Scan the entries below and extract each line with the word "Side" in it.
──────────────────────────────
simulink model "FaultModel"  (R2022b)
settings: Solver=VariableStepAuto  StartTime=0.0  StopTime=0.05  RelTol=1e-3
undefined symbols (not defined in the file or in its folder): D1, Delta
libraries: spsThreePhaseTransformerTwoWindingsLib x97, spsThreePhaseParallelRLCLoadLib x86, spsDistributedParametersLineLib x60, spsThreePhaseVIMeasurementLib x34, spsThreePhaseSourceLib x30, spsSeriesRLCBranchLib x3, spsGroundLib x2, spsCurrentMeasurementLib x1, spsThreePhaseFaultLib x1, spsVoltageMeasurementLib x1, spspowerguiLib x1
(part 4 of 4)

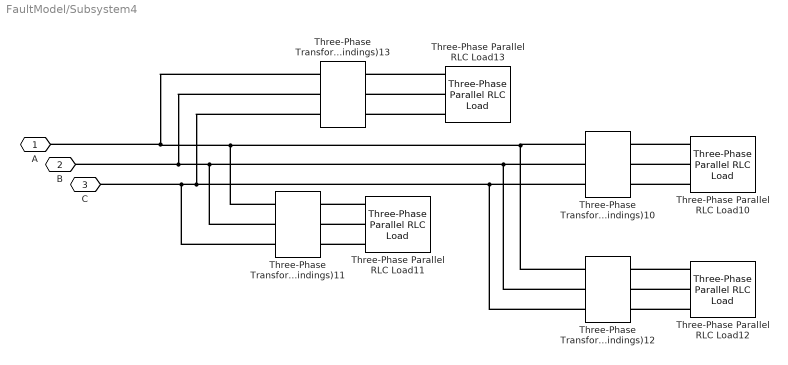
== system FaultModel/Subsystem4 ==
  Three-Phase Parallel RLC Load10 : spsThreePhaseParallelRLCLoadLib/Three-Phase Parallel RLC Load  LConnTagsString=A|B|C  Configuration=Y (grounded)  NominalVoltage=33e3  Vabc=[1e3 1e3 1e3]  Vabcp=[1e3 1e3 1e3]  NominalFrequency=50  UnbalancedPower=off  ActivePower=32.8e6  InductivePower=100  CapacitivePower=100  Pabc=[10e3 9e3 11e3]  QLabc=[100 90 110]  QCabc=[100 90 110]  Pabcp=[10e3 9e3 11e3]  QLabcp=[100 90 110]  QCabcp=[100 90 110]  Measurements=None  LoadType=constant Z
  Three-Phase Parallel RLC Load11 : spsThreePhaseParallelRLCLoadLib/Three-Phase Parallel RLC Load  LConnTagsString=A|B|C  Configuration=Y (grounded)  NominalVoltage=33e3  Vabc=[1e3 1e3 1e3]  Vabcp=[1e3 1e3 1e3]  NominalFrequency=50  UnbalancedPower=off  ActivePower=32.8e6  InductivePower=100  CapacitivePower=100  Pabc=[10e3 9e3 11e3]  QLabc=[100 90 110]  QCabc=[100 90 110]  Pabcp=[10e3 9e3 11e3]  QLabcp=[100 90 110]  QCabcp=[100 90 110]  Measurements=None  LoadType=constant Z
  Three-Phase Parallel RLC Load12 : spsThreePhaseParallelRLCLoadLib/Three-Phase Parallel RLC Load  LConnTagsString=A|B|C  Configuration=Y (grounded)  NominalVoltage=33e3  Vabc=[1e3 1e3 1e3]  Vabcp=[1e3 1e3 1e3]  NominalFrequency=50  UnbalancedPower=off  ActivePower=60e6  InductivePower=100  CapacitivePower=100  Pabc=[10e3 9e3 11e3]  QLabc=[100 90 110]  QCabc=[100 90 110]  Pabcp=[10e3 9e3 11e3]  QLabcp=[100 90 110]  QCabcp=[100 90 110]  Measurements=None  LoadType=constant Z
  Three-Phase Parallel RLC Load13 : spsThreePhaseParallelRLCLoadLib/Three-Phase Parallel RLC Load  LConnTagsString=A|B|C  Configuration=Y (grounded)  NominalVoltage=33e3  Vabc=[1e3 1e3 1e3]  Vabcp=[1e3 1e3 1e3]  NominalFrequency=50  UnbalancedPower=off  ActivePower=40e6  InductivePower=100  CapacitivePower=100  Pabc=[10e3 9e3 11e3]  QLabc=[100 90 110]  QCabc=[100 90 110]  Pabcp=[10e3 9e3 11e3]  QLabcp=[100 90 110]  QCabcp=[100 90 110]  Measurements=None  LoadType=constant Z
  Three-Phase Transformer (Two Windings)10 : spsThreePhaseTransformerTwoWindingsLib/Three-Phase Transformer (Two Windings)  Winding1Connection=Delta (D1)  Winding2Connection=Yg  CoreType=Three single-phase transformers  SetSaturation=off  Hysteresis=off  DataFile='hysteresis'  SetInitialFlux=off  Measurements=None  UNITS=pu  NominalPower=[ 41e6 , 50 ]  Winding1=[ 132e3 , 0.002 , 0.08 ]  Winding2=[ 33e3 , 0.002 , 0.08 ]  Rm=500  Lm=500  L0=0.5  Saturation=[ 0,0 ; 0.0024,1.2 ; 1.0,1.52 ]  InitialFluxes=[ 0.8 , -0.8 , 0.7 ]  BreakLoop=off  DiscreteSolver=Trapezoidal iterative  DataType=off  TransfoNumber=1
  Three-Phase Transformer (Two Windings)11 : spsThreePhaseTransformerTwoWindingsLib/Three-Phase Transformer (Two Windings)  Winding1Connection=Delta (D1)  Winding2Connection=Yg  CoreType=Three single-phase transformers  SetSaturation=off  Hysteresis=off  DataFile='hysteresis'  SetInitialFlux=off  Measurements=None  UNITS=pu  NominalPower=[ 41e6 , 50 ]  Winding1=[ 132e3 , 0.002 , 0.08 ]  Winding2=[ 33e3 , 0.002 , 0.08 ]  Rm=500  Lm=500  L0=0.5  Saturation=[ 0,0 ; 0.0024,1.2 ; 1.0,1.52 ]  InitialFluxes=[ 0.8 , -0.8 , 0.7 ]  BreakLoop=off  DiscreteSolver=Trapezoidal iterative  DataType=off  TransfoNumber=1
  Three-Phase Transformer (Two Windings)12 : spsThreePhaseTransformerTwoWindingsLib/Three-Phase Transformer (Two Windings)  Winding1Connection=Delta (D1)  Winding2Connection=Yg  CoreType=Three single-phase transformers  SetSaturation=off  Hysteresis=off  DataFile='hysteresis'  SetInitialFlux=off  Measurements=None  UNITS=pu  NominalPower=[ 75e6 , 50 ]  Winding1=[ 132e3 , 0.002 , 0.08 ]  Winding2=[ 33e3 , 0.002 , 0.08 ]  Rm=500  Lm=500  L0=0.5  Saturation=[ 0,0 ; 0.0024,1.2 ; 1.0,1.52 ]  InitialFluxes=[ 0.8 , -0.8 , 0.7 ]  BreakLoop=off  DiscreteSolver=Trapezoidal iterative  DataType=off  TransfoNumber=1
  Three-Phase Transformer (Two Windings)13 : spsThreePhaseTransformerTwoWindingsLib/Three-Phase Transformer (Two Windings)  Winding1Connection=Delta (D1)  Winding2Connection=Yg  CoreType=Three single-phase transformers  SetSaturation=off  Hysteresis=off  DataFile='hysteresis'  SetInitialFlux=off  Measurements=None  UNITS=pu  NominalPower=[50e6 , 50 ]  Winding1=[ 132e3 , 0.002 , 0.08 ]  Winding2=[ 33e3 , 0.002 , 0.08 ]  Rm=500  Lm=500  L0=0.5  Saturation=[ 0,0 ; 0.0024,1.2 ; 1.0,1.52 ]  InitialFluxes=[ 0.8 , -0.8 , 0.7 ]  BreakLoop=off  DiscreteSolver=Trapezoidal iterative  DataType=off  TransfoNumber=1
  A : PMIOPort  Side=Left
  B : PMIOPort  Port=2  Side=Left
  C : PMIOPort  Port=3  Side=Left
  connections:
  Three-Phase Parallel RLC Load10/LConn3 -- Three-Phase Transformer (Two Windings)10/RConn3
  Three-Phase Parallel RLC Load10/LConn2 -- Three-Phase Transformer (Two Windings)10/RConn2
  Three-Phase Parallel RLC Load13/LConn3 -- Three-Phase Transformer (Two Windings)13/RConn3
  Three-Phase Parallel RLC Load11/LConn3 -- Three-Phase Transformer (Two Windings)11/RConn3
  Three-Phase Transformer (Two Windings)13/LConn2 -- B/RConn1 -- Three-Phase Transformer (Two Windings)12/LConn2 -- Three-Phase Transformer (Two Windings)10/LConn2 -- Three-Phase Transformer (Two Windings)11/LConn2
  Three-Phase Parallel RLC Load12/LConn2 -- Three-Phase Transformer (Two Windings)12/RConn2
  Three-Phase Transformer (Two Windings)13/LConn1 -- Three-Phase Transformer (Two Windings)11/LConn1 -- Three-Phase Transformer (Two Windings)12/LConn1 -- Three-Phase Transformer (Two Windings)10/LConn1 -- A/RConn1
  Three-Phase Parallel RLC Load13/LConn2 -- Three-Phase Transformer (Two Windings)13/RConn2
  Three-Phase Parallel RLC Load12/LConn1 -- Three-Phase Transformer (Two Windings)12/RConn1
  Three-Phase Parallel RLC Load11/LConn2 -- Three-Phase Transformer (Two Windings)11/RConn2
  Three-Phase Parallel RLC Load11/LConn1 -- Three-Phase Transformer (Two Windings)11/RConn1
  Three-Phase Transformer (Two Windings)12/LConn3 -- C/RConn1 -- Three-Phase Transformer (Two Windings)11/LConn3 -- Three-Phase Transformer (Two Windings)13/LConn3 -- Three-Phase Transformer (Two Windings)10/LConn3
  Three-Phase Parallel RLC Load13/LConn1 -- Three-Phase Transformer (Two Windings)13/RConn1
  Three-Phase Parallel RLC Load12/LConn3 -- Three-Phase Transformer (Two Windings)12/RConn3
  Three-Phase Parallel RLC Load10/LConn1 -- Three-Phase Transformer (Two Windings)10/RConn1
──────────────────────────────
Solution to this problem:
  A : PMIOPort  Side=Left
  B : PMIOPort  Port=2  Side=Left
  C : PMIOPort  Port=3  Side=Left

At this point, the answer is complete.